# Hooter Shorts!!



## tinytoddy (Jun 11, 2010)

Here I am in my extra small Hooter shorts. (big deal right?) 

View attachment shorts.jpg


----------



## tinytoddy (Jun 11, 2010)

And here is a friend trying on my Hooter shorts!! She was just able to squeeze them above her calves. 

View attachment tiny.jpg


----------



## FatAndProud (Jun 11, 2010)

First pic looks like a man trying on Hooter's shorts. Are you sure they're your Hooter's shorts? Are you a man? If you are a man, how did you get a job at Hooter's?


----------



## tinytoddy (Jun 11, 2010)

Yes I am a man, and I bought them off of E-Bay. And no I don't work there. Used to go there quite a bit, not as much a fan with the new uniform and all. It was better when they kept it shiny. Now the few times that I do go out it is to the "Tilt A Kilt".


----------



## Big Butt Asshley (Jun 11, 2010)

I really really really really want Hooters shorts!!!


----------



## Weeze (Jun 11, 2010)

How is this still on the Main Board? Can I ask what this has to do with fat at all?


----------



## Paquito (Jun 11, 2010)

Weeze said:


> How is this still on the Main Board? Can I ask what this has to do with fat at all?

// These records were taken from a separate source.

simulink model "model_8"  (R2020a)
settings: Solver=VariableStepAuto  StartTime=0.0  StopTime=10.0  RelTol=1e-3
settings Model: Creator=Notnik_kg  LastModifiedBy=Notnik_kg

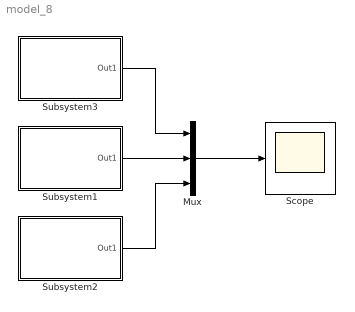
== system model_8 ==
  Mux : Mux  Inputs=3
  Scope : Scope
  Subsystem1 : Subsystem
  Subsystem2 : Subsystem
  Subsystem3 : Subsystem
  wires:
  Subsystem3/1(Out1) -> Mux/1
  Subsystem1/1(Out1) -> Mux/2
  Subsystem2/1(Out1) -> Mux/3
  Mux/1 -> Scope/1

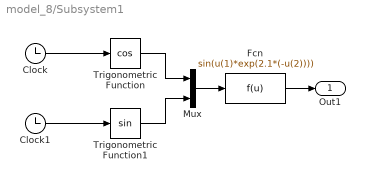
== system model_8/Subsystem1 ==
  Clock : Clock
  Clock1 : Clock
  Fcn : Fcn  Expr=sin(u(1)*exp(2.1*(-u(2))))
  Mux : Mux  Inputs=2
  Trigonometric Function : Trigonometry  Operator=cos
  Trigonometric Function1 : Trigonometry
  Out1 : Outport
  wires:
  Trigonometric Function/1 -> Mux/1
  Clock1/1 -> Trigonometric Function1/1
  Fcn/1 -> Out1/1
  Clock/1 -> Trigonometric Function/1
  Trigonometric Function1/1 -> Mux/2
  Mux/1 -> Fcn/1

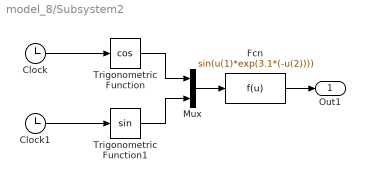
== system model_8/Subsystem2 ==
  Clock : Clock
  Clock1 : Clock
  Fcn : Fcn  Expr=sin(u(1)*exp(3.1*(-u(2))))
  Mux : Mux  Inputs=2
  Trigonometric Function : Trigonometry  Operator=cos
  Trigonometric Function1 : Trigonometry
  Out1 : Outport
  wires:
  Trigonometric Function/1 -> Mux/1
  Clock1/1 -> Trigonometric Function1/1
  Fcn/1 -> Out1/1
  Clock/1 -> Trigonometric Function/1
  Trigonometric Function1/1 -> Mux/2
  Mux/1 -> Fcn/1

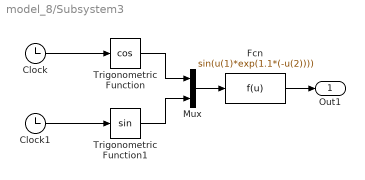
== system model_8/Subsystem3 ==
  Clock : Clock
  Clock1 : Clock
  Fcn : Fcn  Expr=sin(u(1)*exp(1.1*(-u(2))))
  Mux : Mux  Inputs=2
  Trigonometric Function : Trigonometry  Operator=cos
  Trigonometric Function1 : Trigonometry
  Out1 : Outport
  wires:
  Trigonometric Function/1 -> Mux/1
  Clock1/1 -> Trigonometric Function1/1
  Fcn/1 -> Out1/1
  Clock/1 -> Trigonometric Function/1
  Trigonometric Function1/1 -> Mux/2
  Mux/1 -> Fcn/1

There's a man. In Hooter shorts. Really, sometimes we need to just go with the flow.

I like to think of this as a gift from baby Jesus.


----------



## Ho Ho Tai (Jun 11, 2010)

tinytoddy said:


> Here I am in my extra small Hooter shorts. (big deal right?)



Mrs Ho Ho and I do quite a bit of bicycling. I like bright colors, but don't want to look like a 72 y.o. Lance Armstrong wannabe. I have a number of red and orange tees from the electrical union and these work great. Those orange shorts would compliment the shirts very nicely (and I gotta admit, I've got a neat, tight ass from all the biking.)

Mrs Ho Ho looks great in colors like that too. I did a bit of a search to see if the shorts, et c., could be had, without the need of having a friend in the business, and found this. Lotsa great pix and blog entries.

The Hooters Girl (blog.) All you wanted to know, but . . .


----------



## TraciJo67 (Jun 11, 2010)

Weeze said:


> How is this still on the Main Board? Can I ask what this has to do with fat at all?


 
Well, his friend just barely managed to get those tiny silky hooter shorts to her calves. That's topical, eh?


----------



## Aswani (Jun 11, 2010)

Tiny, I know you're proud to be an itty-bitty little pixie that only weights 97 pounds, but I have trouble believing those are your shorts in the second picture. Undoubtedly those look like shorts that would fit a 5-year-old boy comfortably and NOT a grown man--and a grown man is clearly what you are based upon your profile photo. The shorts your wearing in the first pic have a nice comfy look. The shorts in the second pic look like they'd be comfy around one of her calves--and from what I can see, her calf isn't bigger than a 5-year-old boy's torso. Not many human's are--regardless of their size.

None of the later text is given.